На глазах у графа показались слезы.
— Луиза будет жить, — проговорил он.
— О, вы ее не знаете! — отвечал я.
— Напротив, я говорю так, потому что знаю ее; Луиза не вправе умереть; она должна жить для нашего ребенка.
— Бедная женщина! — вскричал я. — Мне не было известно, что несчастье ее так велико.
— Послушайте, — сказал граф, — поскольку я не знаю, что случится завтра, а скорее сегодня, то вот письмо для нее; надеюсь, что все окончится лучше, чем мы оба думаем, и что весь этот шум рассеется как дым, дым настолько неуловимый, что никто даже не заметит, а был ли огонь.

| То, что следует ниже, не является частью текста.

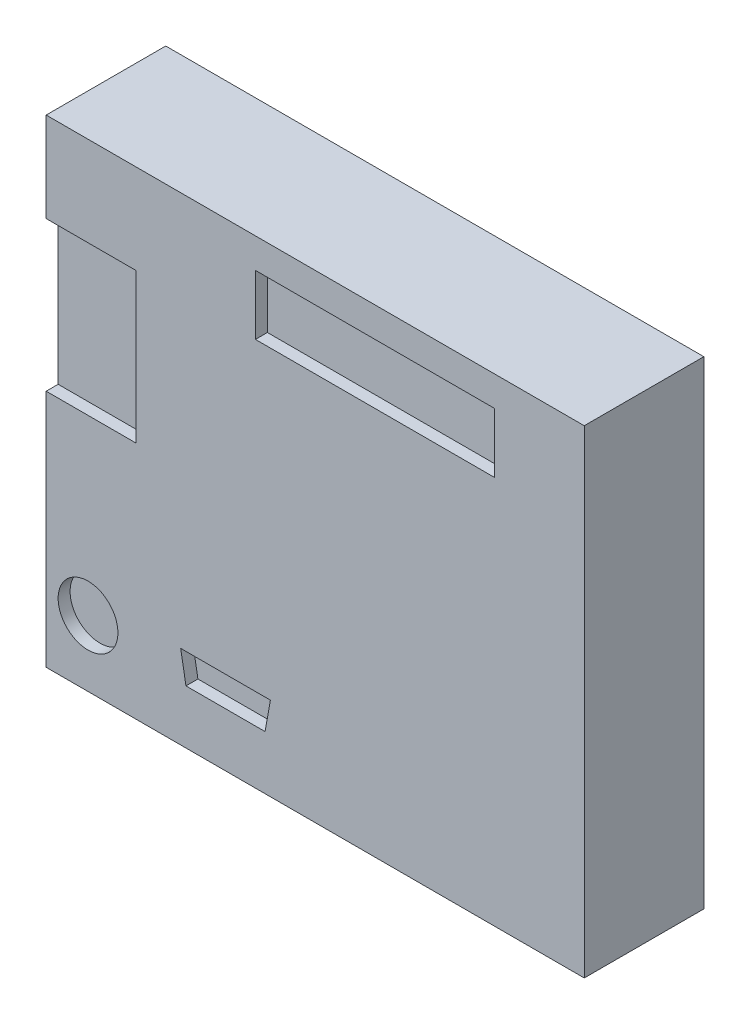
from build123d import *

# Parameters (mm, degrees)
ESQUISSE1_W             = 90
ESQUISSE1_H             = 80
BOSS_EXTRU_1_DEPTH      = 20
ESQUISSE2_W             = 40
ESQUISSE2_H             = 10
ENL_V_MAT_EXTRU_1_DEPTH = 2
ENL_V_MAT_EXTRU_2_DEPTH = 2
ESQUISSE4_R             = 5
ENL_V_MAT_EXTRU_3_DEPTH = 2
ESQUISSE5_W             = 15
ESQUISSE5_H             = 25
ENL_V_MAT_EXTRU_4_DEPTH = 2


with BuildPart() as part:
    # Esquisse1 → Boss.-Extru.1 (new body)
    with BuildSketch(Plane.XY):
        Rectangle(ESQUISSE1_W, ESQUISSE1_H)
    extrude(amount=BOSS_EXTRU_1_DEPTH)

    # Esquisse2 → Enlèv. mat.-Extru.1 (cut)
    with BuildSketch(Plane.XY.offset(20)):
        with Locations((10, 30)):
            Rectangle(ESQUISSE2_W, ESQUISSE2_H)
    extrude(amount=-ENL_V_MAT_EXTRU_1_DEPTH, mode=Mode.SUBTRACT)

    # Esquisse3 → Enlèv. mat.-Extru.2 (cut)
    with BuildSketch(Plane.XY.offset(20)):
        Polygon((-8.381634904, -31), (-21.618365096, -31), (-22.5, -26), (-7.5, -26), align=None)
    extrude(amount=-ENL_V_MAT_EXTRU_2_DEPTH, mode=Mode.SUBTRACT)

    # Esquisse4 → Enlèv. mat.-Extru.3 (cut)
    with BuildSketch(Plane.XY.offset(20)):
        with Locations((-38, -29)):
            Circle(ESQUISSE4_R)
    extrude(amount=-ENL_V_MAT_EXTRU_3_DEPTH, mode=Mode.SUBTRACT)

    # Esquisse5 → Enlèv. mat.-Extru.4 (cut)
    with BuildSketch(Plane.XY.offset(20)):
        with Locations((-37.5, 12.5)):
            Rectangle(ESQUISSE5_W, ESQUISSE5_H)
    extrude(amount=-ENL_V_MAT_EXTRU_4_DEPTH, mode=Mode.SUBTRACT)


solid = part.part

Тогда вы уничтожите письмо, и все будет так, как если бы оно не было написано. В противном случае вы отдадите его Луизе. В этом письме содержится обращение к моей матери: я прошу ее относиться к Луизе как к своей родной дочери; я оставил бы ей все, что у меня есть, но вы понимаете, что если я буду схвачен и осужден, то первым делом будут конфискованы все мои имения, а потому дарение станет бесполезным. Что же касается наличных средств, то у меня их почти нет: будущая республика позаимствовала у меня все до последнего рубля, так что на этот счет я могу не беспокоиться. Обещаете ли вы исполнить мою просьбу?
— Клянусь вам.
— Благодарю; а теперь простимся. Постарайтесь, чтобы никто не заметил, как вы выходите от меня в такой час — это может навлечь на вас неприятности.
— Право, не знаю, следует ли мне оставлять вас одного.